I don’t see enhancements to the core to be facilitating services, but I think the real-time dependability-first approach could also work with the next obvious point of requirements, which is the ability to connect and/or merge digital twins. In the real world, we might see a bunch of discrete things, including animate and inanimate ones, but in the digital world I think we presume it’s an interplay of the twins of things. If we expand our horizon by putting down our book and stepping out of our door, we don’t need a digital twin to see a tree or steps. What’s relevant in twinning terms are the real-world elements that are volitional; that are doing their own thing. They create situations where our thing might intersect with their thing. So twin-connect is another facilitating service.

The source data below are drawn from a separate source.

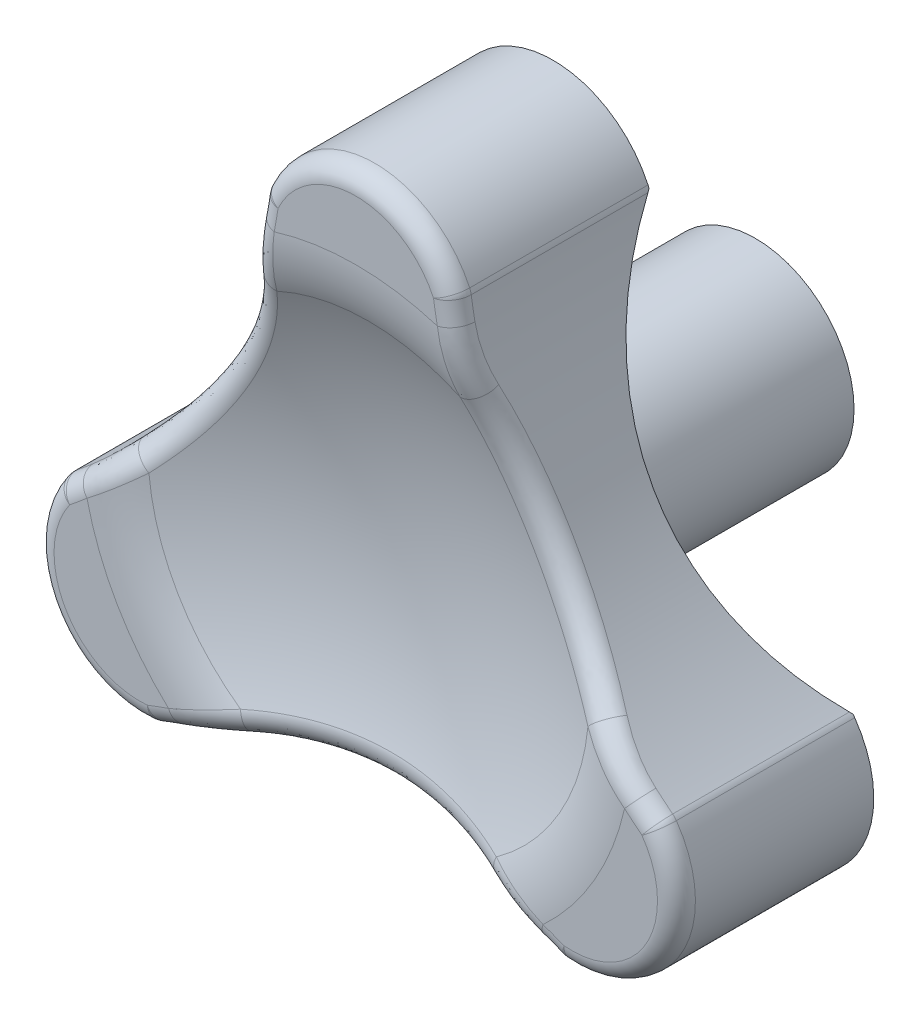
SolidWorks part; units mm, degrees
ref_plane "Front Plane" through (0, 0, 0) normal (0, 0, 1) x (1, 0, 0)
ref_plane "Top Plane" through (0, 0, 0) normal (0, 1, 0) x (1, 0, 0)
ref_plane "Right Plane" through (0, 0, 0) normal (1, 0, 0) x (0, 0, -1)
sketch "Sketch2" plane through (0, 0, 0) normal (0, 0, 1) x (1, 0, 0)
  circle A0 centre (0, 0) radius 7.8
  circle A1 centre (0, 0) radius 3
  dimension "D1" = 15.6
  dimension "D2" = 6
extrude "Boss-Extrude1" add sketch "Sketch2" against normal blind 16
sketch "Sketch3" plane through (0, 0, 0) normal (0, 0, 1) x (1, 0, 0)
  line L0 (0, 0) -> (0, 28) construction
  line L1 (7.6, 23) -> (-7.6, 23) construction
  line L2 (-24.2487, -14) -> (0, 0) construction
  line L3 (0, 0) -> (24.2487, -14) construction
  line L4 (12.9904, 7.5) -> (0, 0) construction
  line L5 (0, -15) -> (0, 0) construction
  line L6 (-12.9904, 7.5) -> (0, 0) construction
  arc A0 (-7.6, 23) -> (7.6, 23) centre (0, 19.724) cw
  circle A1 centre (0, 0) radius 3 construction
  circle A2 centre (0, 0) radius 3 construction
  arc A3 (23.7186, -4.9182) -> (16.1186, -18.0818) centre (17.0815, -9.862) cw
  arc A4 (-16.1186, -18.0818) -> (-23.7186, -4.9182) centre (-17.0815, -9.862) cw
  arc A5 (7.6, 23) -> (23.7186, -4.9182) centre (50.8297, 29.3466) ccw
  arc A6 (16.1186, -18.0818) -> (-16.1186, -18.0818) centre (0, -58.6931) ccw
  arc A7 (-23.7186, -4.9182) -> (-7.6, 23) centre (-50.8297, 29.3466) ccw
  point P6 (0, 23)
  point P7 (0, 28)
  point P20 (0, 0)
  point P33 (0, 0)
  dimension "D1" = 28
  dimension "D2" = 15.2
  dimension "D3" = 5
  dimension "D5" = 15
  dimension "D4" = 3
  dimension "D6" = 3
extrude "Boss-Extrude2" add sketch "Sketch3" along normal blind 15.6
sketch "Sketch4" plane through (0, 0, 0) normal (0, 1, 0) x (1, 0, 0)
  line L0 (16.1186, 0) -> (-16.1186, 0) construction
  line L1 (16.1186, 0) -> (-16.1186, 0)
  line L2 (0, 0) -> (0, -5) construction
  arc A0 (-16.1186, 0) -> (16.1186, 0) centre (0, 23.4809) ccw
  dimension "D1" = 5
extrude "Cut-Extrude1" cut sketch "Sketch4" against normal blind 15.6 from offset 7.8 offset against normal yes
pattern_circular "CirPattern1" count 3 over 360 about axis through (0, 0, -16) along (0, 0, 1) of "Cut-Extrude1"
sketch "Sketch5" plane through (0, 0, 0) normal (0, 0, -1) x (-1, 0, 0)
  line L0 (-13.51, -7.8) -> (13.51, -7.8) construction
  line L1 (13.51, -7.8) -> (0, 15.6) construction
  line L2 (0, 15.6) -> (-13.51, -7.8) construction
  line L3 (-13.51, -7.8) -> (13.51, -7.8)
  line L4 (13.51, -7.8) -> (0, 15.6)
  line L5 (0, 15.6) -> (-13.51, -7.8)
  circle A0 centre (0, 0) radius 7.8 construction
  arc A1 (-6.755, 3.9) -> (0, -7.8) centre (0, 0) ccw construction
  arc A2 (0, -7.8) -> (6.755, 3.9) centre (0, 0) ccw construction
  circle A3 centre (0, 0) radius 7.8
  arc A4 (-6.755, 3.9) -> (0, -7.8) centre (0, 0) ccw
  arc A5 (0, -7.8) -> (6.755, 3.9) centre (0, 0) ccw
  arc M1 (0, -7.8) -> (-6.755, 3.9) centre (0, 0) cw
  line M2 (-6.755, 3.9) -> (-13.51, -7.8)
  line M3 (-13.51, -7.8) -> (0, -7.8)
extrude "Cut-Extrude2" cut sketch "Sketch5" against normal blind 2 contours M3 M1 M2 | A3 L4 L5 | A3 L3 L4 region at (8.542, -4.9317, 0) region at (-8.542, -4.9317, 0) region at (0, 9.8634, 0)
sketch "Sketch7" plane through (0, 0, 0) normal (1, 0, 0) x (0, 0, -1)
  line L0 (0, 0) -> (-90.6, 0) construction
  line L1 (-15.6, 23) -> (-15.6, -4.9182) construction
  line L2 (-15.6, 23) -> (-15.6, -4.9182) construction
  line L3 (-10.6, 0) -> (-90.6, 0)
  arc A0 (-10.6, 0) -> (-90.6, 0) centre (-50.6, 0) ccw
  dimension "D2" = 40
  dimension "D1" = 10
  dimension "D3" = 50.6
revolve "Cut-Revolve1" cut sketch "Sketch7" angle 360 about L3
fillet "Fillet1" radius 10 3 edges at (16.7705, -9.6825, 15.6) (-16.7705, -9.6825, 15.6) (0, 19.3649, 15.6)
fillet "Fillet2" radius 1.5 18 edges at (-22.6308, -4.0287, 15.6) (-18.0509, 0.4565, 14.8752) (-7.8264, 21.6132, 15.6) (7.8264, 21.6132, 15.6) (9.4208, 15.4043, 14.8752) (22.6308, -4.0287, 15.6) (14.8044, -17.5845, 15.6) (8.6301, -15.8608, 14.8752) (-14.8044, -17.5845, 15.6) (-24.2487, -14, 15.6) (-14.4265, 5.1826, 13.6539) (0, 28, 15.6) (24.2487, -14, 15.6) (11.7016, 9.9024, 13.6539) (2.725, -15.0851, 13.6539)
fillet "Fillet3" radius 1.5 12 edges at (-7.2859, 22.9104, 15.0309) (-23.4839, -5.1454, 15.0309) (-16.198, -17.765, 15.0309) (16.198, -17.765, 15.0309) (23.4839, -5.1454, 15.0309) (7.2859, 22.9104, 15.0309) (-7.6, 23, 7.05) (-23.7186, -4.9182, 7.05) (-16.1186, -18.0818, 7.05) (16.1186, -18.0818, 7.05) (23.7186, -4.9182, 7.05) (7.6, 23, 7.05)

The final facilitating service opportunity that arises easily out of this approach relates to a truth about digital twins, which is that they live in a parallel universe. A universe loosely coupled to the real world but representing only the “significant” aspects of it. Real-world relationships can exist and create digital twin relationships, but digital twins can also relate and their relating then coupled back to the real world. That’s the theory behind the “social metaverse” applications. And, since even things that live in the digital universe have to live somewhere, there’s the question of the “where” and “how”, which means the assignment of resources to the implementation of the twin(s). If all I’m worried about is my own little real-world walk, that’s one thing. My twin is likely almost co-located with me. If I’m doing a virtual walk with a friend a continent away, it’s another. And if what we’re aiming for is a framework where digital twins can connect, merge, fission, and so forth, at will, then we need to manage collective global resource pools and connect them with each other and with the real-world systems they represent.
This is the real mission that justifies widespread distribution of resources. It’s a form of the problem I was working to solve in my ExperiaSphere project, but in that case the issue was how to deal with the events associated with a service that spread across a wide geography. An event might crop up anywhere, and in fact multiple events might crop up at the same time in different places. My presumption was that a service had a digital twin, consisting of the resources committed to it. That twin was a data model that included everything that was needed to create the service, recorded everything that was in fact committed, and provided a state/event table and current state information for each of these. When an event came along, all that had to happen was to send this model to a convenient place where processing could take place.
This is the sort of thing that would not only work to support hosting a distributed digital-twin framework, it might be essential. You could move the hosting around, you could spin up twins-of-twins to create meetings and other sorts of group activity. It could be combined with enhanced core connectivity to make the whole real-time-digital-twinning application set work. And it could be a facilitating service.
Does Ericsson see this? Does AT&T see it? I can say for certain that there are some in both organizations who do, without getting to how I know. I can’t say whether the knowledge is driving any of what we’ve seen. If it isn’t, then I’m not sure I can see how all this works out for either company. If it is…well…we’re in for some interesting times later this year.